So, how does this all play into whether one can actually reliably amplify the cell-free DNA or not? So, that's my position. I've covered a fair amount of stuff, but thank you for the opportunity. Catherine, a quick follow-up before I go on to Laura.
So, you're on the con side, but you're also, or the pro side, but you're also giving a lot of cons. So, I guess, would your standpoint be that this is something that is not ready for clinical usage and to be charging patients for, but needs more evidence, and you just think that the future research will lead us to have this as the way we do PGT? A hundred percent, Micah. We don't have the data yet to be able to charge patients for this technology, just like we didn't have the data to charge patients for time-lapse imaging for the metabolomic work, and indeed for the cell over cleavage stage biopsy, where, by the way, there were lawsuits with that as well.
You know, we've just not been good as specialists in the field of actually doing the correct work before actually putting these technologies into the clinical field, and there are many reasons for that. Yeah, I'll stop there. I agree with that point.
I think it's an important one that can't be overstated. So, Laura, give us your opinion as an expert on this topic, please. Thank you for this invitation.
It's such a nice webinar. I'm so happy to be participating. I'm learning a lot, and I have a lot of food.
So, I will try to summarize. So, I will start from a completely different point of view, which is the assumption that one technique should replace another. I don't think that in this field, we will have a single technology able to represent the quality, the complexity of an embryo.
So, each technology is just adding something, and by combining them, we can really obtain comprehensive information about the embryo. I don't think that we should exclude morphology because we are applying genetic testing. I don't think that if we introduce non-invasive genetic testing, it means that we cannot use invasive genetic testing in case we have no results or in case we have a particular case.

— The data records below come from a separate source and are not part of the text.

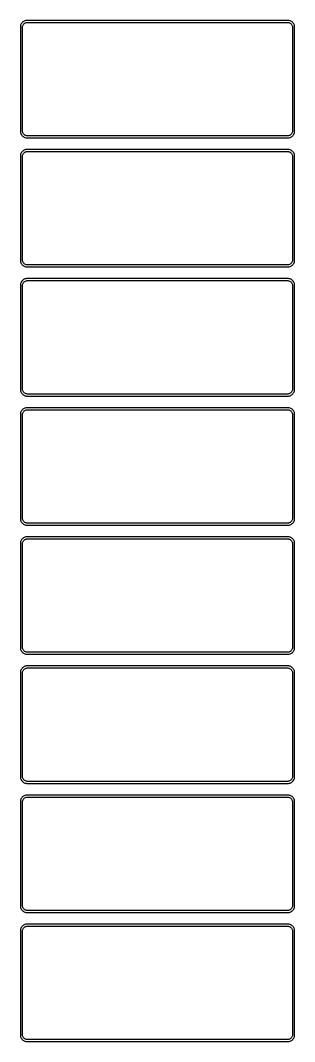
# Model space of a CAD drawing. Header units: metres. Extents: x -105 to 105, y 1440 to 2916.
# Drawn here: x -105 to 105, y 2133 to 2916 of the extents above; entities that cross this region are included whole.
import ezdxf

# ---------------------------------------------------------------- set-up
doc = ezdxf.new("R2010")
doc.units = ezdxf.units.M

msp = doc.modelspace()

# ---------------------------------------------------------------- linework, layer by layer
for p, q in [((-104.649, 2912.84), (-104.843, 2912.24)), ((-104.382, 2913.41), (-104.649, 2912.84)), ((-104.045, 2913.94), (-104.382, 2913.41)), ((-103.645, 2914.42), (-104.045, 2913.94)), ((-103.187, 2914.85), (-103.645, 2914.42)), ((-102.679, 2915.22), (-103.187, 2914.85)), ((-103.005, 2912.43), (-102.736, 2912.85)), ((-102.736, 2912.85), (-102.416, 2913.24)), ((-102.129, 2915.52), (-102.679, 2915.22)), ((-102.416, 2913.24), (-102.05, 2913.58)), ((-101.545, 2915.76), (-102.129, 2915.52)), ((-102.05, 2913.58), (-101.643, 2913.88)), ((-101.643, 2913.88), (-101.203, 2914.12)), ((-100.937, 2915.91), (-101.545, 2915.76)), ((-101.203, 2914.12), (-100.736, 2914.3)), ((-100.314, 2915.99), (-100.937, 2915.91)), ((-100.736, 2914.3), (-100.25, 2914.43)), ((100.314, 2915.99), (-100.314, 2915.99)), ((-100.25, 2914.43), (-99.7512, 2914.49)), ((-99.7512, 2914.49), (99.7512, 2914.49)), ((99.7512, 2914.49), (100.25, 2914.43)), ((100.25, 2914.43), (100.736, 2914.3)), ((100.937, 2915.91), (100.314, 2915.99)), ((100.736, 2914.3), (101.203, 2914.12)), ((101.545, 2915.76), (100.937, 2915.91)), ((101.203, 2914.12), (101.643, 2913.88)), ((102.129, 2915.52), (101.545, 2915.76)), ((101.643, 2913.88), (102.05, 2913.58)), ((102.05, 2913.58), (102.416, 2913.24)), ((102.679, 2915.22), (102.129, 2915.52)), ((102.416, 2913.24), (102.736, 2912.85)), ((103.187, 2914.85), (102.679, 2915.22)), ((102.736, 2912.85), (103.005, 2912.43)), ((103.645, 2914.42), (103.187, 2914.85)), ((104.045, 2913.94), (103.645, 2914.42)), ((104.382, 2913.41), (104.045, 2913.94)), ((104.649, 2912.84), (104.382, 2913.41)), ((104.843, 2912.24), (104.649, 2912.84)), ((-104.961, 2911.63), (-105, 2911)), ((-105, 2911), (-105, 2831)), ((-104.843, 2912.24), (-104.961, 2911.63)), ((-103.5, 2910.5), (-103.468, 2911)), ((-103.5, 2831.5), (-103.5, 2910.5)), ((-103.468, 2911), (-103.374, 2911.49)), ((-103.374, 2911.49), (-103.219, 2911.97)), ((-103.219, 2911.97), (-103.005, 2912.43)), ((103.005, 2912.43), (103.219, 2911.97)), ((103.219, 2911.97), (103.374, 2911.49)), ((103.374, 2911.49), (103.468, 2911)), ((103.468, 2911), (103.5, 2910.5)), ((103.5, 2910.5), (103.5, 2831.5)), ((104.961, 2911.63), (104.843, 2912.24)), ((105, 2911), (104.961, 2911.63)), ((105, 2831), (105, 2911)), ((-105, 2831), (-104.961, 2830.37)), ((-104.961, 2830.37), (-104.843, 2829.76)), ((-104.843, 2829.76), (-104.649, 2829.16)), ((-104.649, 2829.16), (-104.382, 2828.59)), ((-104.382, 2828.59), (-104.045, 2828.06)), ((-104.045, 2828.06), (-103.645, 2827.58)), ((-103.645, 2827.58), (-103.187, 2827.15)), ((-103.468, 2831), (-103.5, 2831.5)), ((-103.374, 2830.51), (-103.468, 2831)), ((-103.219, 2830.03), (-103.374, 2830.51)), ((-103.005, 2829.57), (-103.219, 2830.03)), ((-103.187, 2827.15), (-102.679, 2826.78)), ((-102.736, 2829.15), (-103.005, 2829.57)), ((-102.416, 2828.76), (-102.736, 2829.15)), ((-102.679, 2826.78), (-102.129, 2826.48)), ((-102.05, 2828.42), (-102.416, 2828.76)), ((-101.643, 2828.12), (-102.05, 2828.42)), ((-101.203, 2827.88), (-101.643, 2828.12)), ((-100.736, 2827.7), (-101.203, 2827.88)), ((-100.25, 2827.57), (-100.736, 2827.7)), ((-99.7512, 2827.51), (-100.25, 2827.57)), ((99.7512, 2827.51), (-99.7512, 2827.51)), ((100.25, 2827.57), (99.7512, 2827.51)), ((100.736, 2827.7), (100.25, 2827.57)), ((101.203, 2827.88), (100.736, 2827.7)), ((101.643, 2828.12), (101.203, 2827.88)), ((102.05, 2828.42), (101.643, 2828.12)), ((102.416, 2828.76), (102.05, 2828.42)), ((102.129, 2826.48), (102.679, 2826.78)), ((102.736, 2829.15), (102.416, 2828.76)), ((102.679, 2826.78), (103.187, 2827.15)), ((103.005, 2829.57), (102.736, 2829.15)), ((103.219, 2830.03), (103.005, 2829.57)), ((103.187, 2827.15), (103.645, 2827.58)), ((103.374, 2830.51), (103.219, 2830.03)), ((103.468, 2831), (103.374, 2830.51)), ((103.5, 2831.5), (103.468, 2831)), ((103.645, 2827.58), (104.045, 2828.06)), ((104.045, 2828.06), (104.382, 2828.59)), ((104.382, 2828.59), (104.649, 2829.16)), ((104.649, 2829.16), (104.843, 2829.76)), ((104.843, 2829.76), (104.961, 2830.37)), ((104.961, 2830.37), (105, 2831)), ((-102.129, 2826.48), (-101.545, 2826.24)), ((-101.545, 2826.24), (-100.937, 2826.09)), ((-100.937, 2826.09), (-100.314, 2826.01)), ((-100.314, 2826.01), (100.314, 2826.01)), ((100.314, 2826.01), (100.937, 2826.09)), ((100.937, 2826.09), (101.545, 2826.24)), ((101.545, 2826.24), (102.129, 2826.48)), ((-104.961, 2812.63), (-105, 2812)), ((-105, 2812), (-105, 2732)), ((-104.843, 2813.24), (-104.961, 2812.63)), ((-104.649, 2813.84), (-104.843, 2813.24)), ((-104.382, 2814.41), (-104.649, 2813.84)), ((-104.045, 2814.94), (-104.382, 2814.41)), ((-103.645, 2815.42), (-104.045, 2814.94)), ((-103.187, 2815.85), (-103.645, 2815.42)), ((-103.5, 2811.5), (-103.468, 2812)), ((-103.5, 2732.5), (-103.5, 2811.5)), ((-103.468, 2812), (-103.374, 2812.49)), ((-103.374, 2812.49), (-103.219, 2812.97)), ((-103.219, 2812.97), (-103.005, 2813.43)), ((-102.679, 2816.22), (-103.187, 2815.85)), ((-103.005, 2813.43), (-102.736, 2813.85)), ((-102.736, 2813.85), (-102.416, 2814.24)), ((-102.129, 2816.52), (-102.679, 2816.22)), ((-102.416, 2814.24), (-102.05, 2814.58)), ((-101.545, 2816.76), (-102.129, 2816.52)), ((-102.05, 2814.58), (-101.643, 2814.88)), ((-101.643, 2814.88), (-101.203, 2815.12)), ((-100.937, 2816.91), (-101.545, 2816.76)), ((-101.203, 2815.12), (-100.736, 2815.3)), ((-100.314, 2816.99), (-100.937, 2816.91)), ((-100.736, 2815.3), (-100.25, 2815.43)), ((100.314, 2816.99), (-100.314, 2816.99)), ((-100.25, 2815.43), (-99.7512, 2815.49)), ((-99.7512, 2815.49), (99.7512, 2815.49)), ((99.7512, 2815.49), (100.25, 2815.43)), ((100.25, 2815.43), (100.736, 2815.3)), ((100.937, 2816.91), (100.314, 2816.99)), ((100.736, 2815.3), (101.203, 2815.12)), ((101.545, 2816.76), (100.937, 2816.91)), ((101.203, 2815.12), (101.643, 2814.88)), ((102.129, 2816.52), (101.545, 2816.76)), ((101.643, 2814.88), (102.05, 2814.58)), ((102.05, 2814.58), (102.416, 2814.24)), ((102.679, 2816.22), (102.129, 2816.52)), ((102.416, 2814.24), (102.736, 2813.85)), ((103.187, 2815.85), (102.679, 2816.22)), ((102.736, 2813.85), (103.005, 2813.43)), ((103.005, 2813.43), (103.219, 2812.97)), ((103.645, 2815.42), (103.187, 2815.85)), ((103.219, 2812.97), (103.374, 2812.49)), ((103.374, 2812.49), (103.468, 2812)), ((103.468, 2812), (103.5, 2811.5)), ((103.5, 2811.5), (103.5, 2732.5)), ((104.045, 2814.94), (103.645, 2815.42)), ((104.382, 2814.41), (104.045, 2814.94)), ((104.649, 2813.84), (104.382, 2814.41)), ((104.843, 2813.24), (104.649, 2813.84)), ((104.961, 2812.63), (104.843, 2813.24)), ((105, 2812), (104.961, 2812.63)), ((105, 2732), (105, 2812)), ((-105, 2732), (-104.961, 2731.37)), ((-104.961, 2731.37), (-104.843, 2730.76)), ((-104.843, 2730.76), (-104.649, 2730.16)), ((-104.649, 2730.16), (-104.382, 2729.59)), ((-104.382, 2729.59), (-104.045, 2729.06)), ((-104.045, 2729.06), (-103.645, 2728.58)), ((-103.645, 2728.58), (-103.187, 2728.15)), ((-103.468, 2732), (-103.5, 2732.5)), ((-103.374, 2731.51), (-103.468, 2732)), ((-103.219, 2731.03), (-103.374, 2731.51)), ((-103.005, 2730.57), (-103.219, 2731.03)), ((-103.187, 2728.15), (-102.679, 2727.78)), ((-102.736, 2730.15), (-103.005, 2730.57)), ((-102.416, 2729.76), (-102.736, 2730.15)), ((-102.679, 2727.78), (-102.129, 2727.48)), ((-102.05, 2729.42), (-102.416, 2729.76)), ((-102.129, 2727.48), (-101.545, 2727.24)), ((-101.643, 2729.12), (-102.05, 2729.42)), ((-101.203, 2728.88), (-101.643, 2729.12)), ((-101.545, 2727.24), (-100.937, 2727.09)), ((-100.736, 2728.7), (-101.203, 2728.88)), ((-100.937, 2727.09), (-100.314, 2727.01)), ((-100.25, 2728.57), (-100.736, 2728.7)), ((-100.314, 2727.01), (100.314, 2727.01)), ((-99.7512, 2728.51), (-100.25, 2728.57)), ((99.7512, 2728.51), (-99.7512, 2728.51)), ((100.25, 2728.57), (99.7512, 2728.51)), ((100.736, 2728.7), (100.25, 2728.57)), ((100.314, 2727.01), (100.937, 2727.09)), ((101.203, 2728.88), (100.736, 2728.7)), ((100.937, 2727.09), (101.545, 2727.24)), ((101.643, 2729.12), (101.203, 2728.88)), ((101.545, 2727.24), (102.129, 2727.48)), ((102.05, 2729.42), (101.643, 2729.12)), ((102.416, 2729.76), (102.05, 2729.42)), ((102.129, 2727.48), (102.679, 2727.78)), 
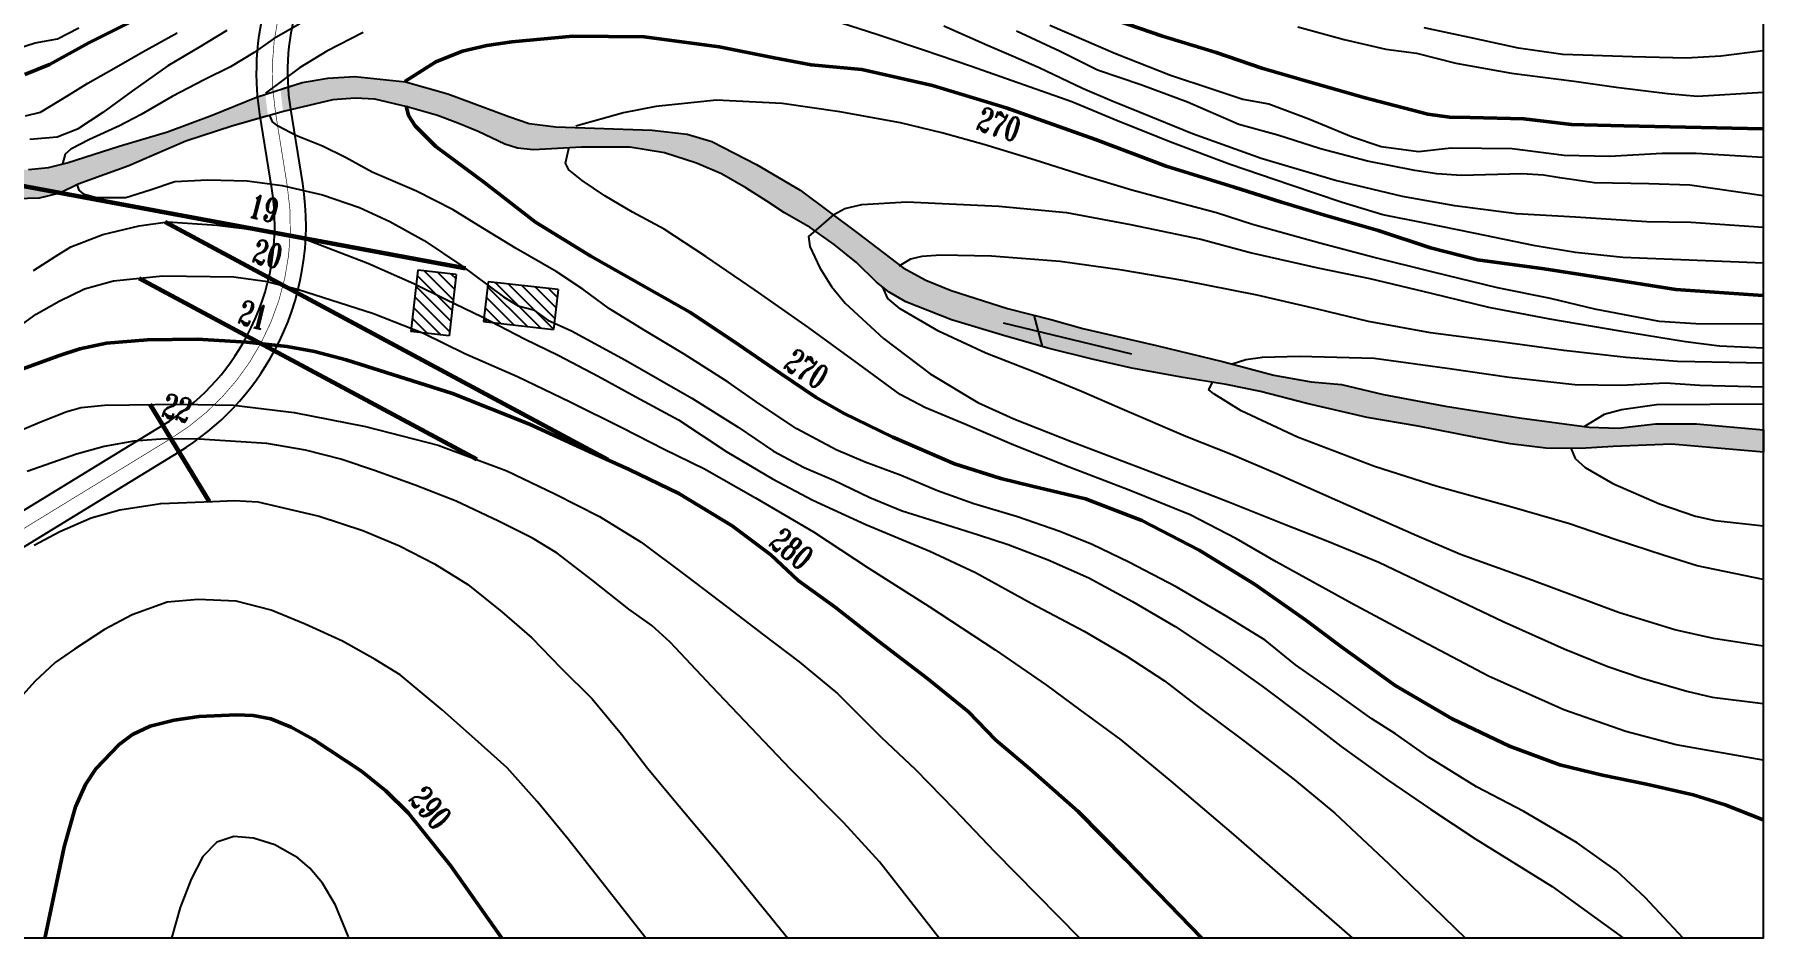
# Model space of a CAD drawing. Header units: millimetres. Extents: x 2268 to 10992, y 389 to 3530.
# Drawn here: x 7876 to 8429, y 390 to 680 of the extents above; entities that cross this region are included whole.
import ezdxf
from ezdxf.enums import TextEntityAlignment as Align

# ---------------------------------------------------------------- set-up
doc = ezdxf.new("R2010")
doc.units = ezdxf.units.MM
doc.linetypes.add('ACAD_ISO02W100', pattern=[15, 12, -3])
doc.layers.get('0').update_dxf_attribs({"true_color": 0xd9d9d9})
for name, color, linetype in [('fabbricati', 9, 'Continuous'), ('quote', 7, 'Continuous'), ('reffifilo 2', 192, 'Continuous')]:
    doc.layers.add(name, color=color, linetype=linetype)
doc.layers.add('linee rosse', color=7, linetype='Continuous', lineweight=50, true_color=0xffc2c2)
doc.layers.add('picchetti', color=7, linetype='Continuous', true_color=0x990000)
doc.styles.add('TRIPLEX', font='romant', dxfattribs={"width": 0.86, "height": 10})

# ---------------------------------------------------------------- blocks, each defined once
blk = doc.blocks.new('B01C1F088')
at = {"layer": 'fabbricati', "linetype": 'Continuous'}
for p, q in [((345.67, 154.39), (350.78, 159.5)), ((345.84, 155.91), (349.57, 159.64)), ((346.01, 157.43), (348.36, 159.78)), ((346.18, 158.94), (347.15, 159.91)), ((345.5, 152.87), (350.67, 158.04)), ((345.97, 152), (350.5, 156.53)), ((347.18, 151.86), (350.33, 155.01)), ((348.39, 151.72), (350.16, 153.49)), ((349.6, 151.59), (349.99, 151.97))]:
    blk.add_line(p, q, dxfattribs=at)
blk = doc.blocks.new('B01C20568')
at = {"layer": 'fabbricati', "linetype": 'Continuous'}
for p, q in [((344.19, 144.83), (347.47, 148.1)), ((344.36, 146.35), (346.25, 148.24)), ((344.53, 147.87), (345.04, 148.38)), ((344.7, 143.99), (348.68, 147.97)), ((345.91, 143.85), (349.89, 147.83)), ((347.12, 143.72), (351.1, 147.7)), ((348.33, 143.58), (351.45, 146.7)), ((349.54, 143.44), (351.28, 145.18)), ((350.75, 143.31), (351.1, 143.66))]:
    blk.add_line(p, q, dxfattribs=at)

msp = doc.modelspace()

# ---------------------------------------------------------------- hatches: boundary and pattern name
at = {"layer": 'reffifilo 2', "true_color": 0xadddf7}
h = msp.add_hatch(color=141, dxfattribs=at)
h.dxf.hatch_style = 1
h.paths.add_polyline_path([(8042.66372, 650.09864), (8034.11127, 651.18311), (8027.52363, 653.46688), (8008.02862, 660.74774), (7994.48759, 664.52426), (7978.25876, 666.22539), (7969.55746, 665.73207), (7961.31546, 664.32012), (7954.46924, 662.12869, 0.023021548), (7955.30536, 655.04497), (7971.18204, 658.7404), (7978.32681, 659.30603), (7984.65503, 658.97856), (7995.03195, 656.59697), (8004.72842, 653.80711), (8011.22675, 651.32345), (8017.79313, 648.60164), (8026.26479, 644.62098), (8030.37303, 643.26433), (8035.45091, 642.74973), (8050.82917, 643.63432), (8066.34352, 643.63432), (8077.46894, 641.7971), (8087.67575, 638.53092), (8095.73913, 635.06061), (8103.46228, 630.56961), (8110.26682, 626.3508), (8115.88056, 622.64232), (8124.08003, 617.91317), (8131.80319, 612.46954), (8138.98197, 606.68568), (8145.37824, 600.4255), (8149.43119, 597.2061), (8154.73448, 594.06326), (8169.39826, 588.34744), (8185.69513, 583.44818), (8200.22283, 579.29741), (8214.47833, 575.72503), (8227.20282, 572.79907), (8243.63578, 569.8391), (8257.41498, 567.62762), (8268.37028, 565.38213), (8283.20418, 561.50354), (8302.49505, 557.08059), (8318.92801, 554.2567), (8337.40233, 550.68432), (8348.33638, 548.61744), (8359.75524, 547.21401), (8370.89457, 547.10051), (8381.30075, 547.73501), (8400.05124, 548.54419), (8429.41522, 545.96125), (8429.41522, 553.13509), (8407.99766, 555.02585), (8394.95279, 555.0052), (8382.9247, 553.6443), (8373.6365, 553.91648), (8351.38566, 556.97852), (8327.67184, 560.65297), (8307.80259, 564.36144), (8294.36362, 567.55958), (8284.56509, 568.51221), (8272.5891, 570.55358), (8256.15614, 574.9425), (8235.09609, 580.11395), (8211.45031, 585.55758), (8201.58373, 588.31342), (8187.2942, 591.91983), (8169.22815, 597.70369), (8161.10948, 601.06343), (8153.88391, 604.98454), (8139.52634, 615.97387), (8120.84788, 629.88916), (8106.9326, 638.08863), (8092.60904, 645.47155), (8084.68175, 647.84038), (8073.48829, 649.11198)])
h.paths.add_polyline_path([(7889.62964, 631.72638), (7898.10129, 634.85647), (7905.82444, 637.64633), (7913.24139, 640.84446), (7924.06061, 645.50557), (7938.79244, 650.30277), (7950.46388, 653.65114), (7950.30802, 654.62509, -0.018134906), (7949.57746, 660.56287), (7946.75375, 659.65901), (7932.53226, 653.84113), (7918.17468, 648.49957), (7902.7624, 643.90651), (7886.05726, 638.63299), (7880.09053, 637.13599), (7873.63897, 636.45554), (7855.50488, 636.18335), (7842.54223, 636.93185), (7822.63895, 640.6063), (7805.59358, 644.38282), (7799.80973, 645.59063), (7792.59692, 646.28809), (7767.3861, 646.5943), (7742.9578, 647.10464), (7735.42178, 648.23589), (7730.23331, 650.03059), (7722.23798, 655.33813), (7719.09088, 658.91477), (7716.45412, 663.5376), (7712.50749, 677.45288), (7710.22797, 695.51893), (7710.39808, 709.7064), (7712.71163, 732.1954), (7713.56219, 755.56899), (7715.3654, 769.00796), (7719.00583, 782.58301), (7721.76166, 800.58102), (7722.272, 821.19877), (7721.45546, 831.54167), (7717.6109, 843.21145), (7714.48081, 854.50699), (7713.66426, 865.80252), (7712.16726, 878.59506), (7709.20729, 886.89659), (7706.04318, 897.44363), (7703.38941, 910.03203), (7701.28, 924.18547), (7700.02116, 946.2662), (7701.23444, 964.09455), (7703.24461, 982.17445), (7696.12509, 982.17445), (7694.39637, 967.53584), (7692.80835, 956.37094), (7692.46812, 943.68047), (7692.80835, 931.4323), (7694.50949, 917.99334), (7696.65291, 906.11942), (7699.74898, 895.26618), (7704.13791, 885.94396), (7705.43077, 878.76517), (7707.09788, 869.78318), (7709.51349, 855.4256), (7712.20129, 844.40225), (7716.07987, 828.81985), (7716.81987, 823.84404), (7716.69228, 819.22545), (7715.29735, 803.64306), (7713.52817, 787.99262), (7711.6229, 781.69842), (7708.93511, 774.51963), (7706.65559, 766.45625), (7704.95445, 758.29081), (7703.72964, 746.00861), (7703.18527, 732.22942), (7701.45011, 721.81848), (7699.10255, 710.04663), (7698.93244, 697.59432), (7700.76966, 681.16136), (7703.69561, 669.66169), (7705.37853, 665.43133), (7706.13563, 662.15239), (7705.02037, 660.03771), (7702.2282, 658.79532), (7692.79874, 658.09976), (7678.45077, 659.64102), (7661.26931, 660.37349), (7645.31267, 662.17669), (7633.03047, 665.47689), (7623.12987, 668.7771), (7614.96799, 670.24772), (7592.39209, 677.23301), (7592.39209, 670.46856), (7598.82136, 668.9207), (7602.772, 667.40488), (7610.16722, 664.2861), (7619.59151, 661.08797), (7629.322, 658.7404), (7642.42074, 656.69904), (7661.81368, 653.70504), (7681.63574, 651.26377), (7694.32072, 649.85989), (7703.00911, 648.94484), (7713.59067, 646.70884), (7726.80414, 642.88044), (7740.78035, 638.70103), (7746.92995, 637.92702), (7753.43679, 637.81644), (7767.6923, 638.25874), (7771.56238, 639.14333), (7773.54421, 640.02792), (7779.226, 640.47021), (7793.78771, 640.16401), (7802.4635, 638.56494), (7812.19399, 636.45554), (7824.44216, 634.14199), (7838.11928, 630.43352), (7850.16332, 627.54159), (7866.01789, 626.99723), (7877.10929, 627.26941), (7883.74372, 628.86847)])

So, these are opportunities that technology is giving us. And because I am a scientist, and I believe in science, I'm sure that the technology will evolve, and we have to be open to accept the new possibilities that will arise in our field. So, about today, the assumption to say that we have 98 percent concordance when we do trophectomy and biopsy.
This is true in Dr. Scott's lab. It's true in some of the labs in the world, but it's not true everywhere. To think that what has been published by the leaders group is reproduced in every single lab is also a mistake.
So, we don't have to think that in all the labs, we have a perfect setting for genetic testing with trophectomy and biopsy. And it's easy to prove that because there are some centers that are reporting five percent mosaic, some other 30, 40, 50. What happens to these 30, 40, 50 percent embryos that are considered mosaic? I mean, the biology is the same everywhere.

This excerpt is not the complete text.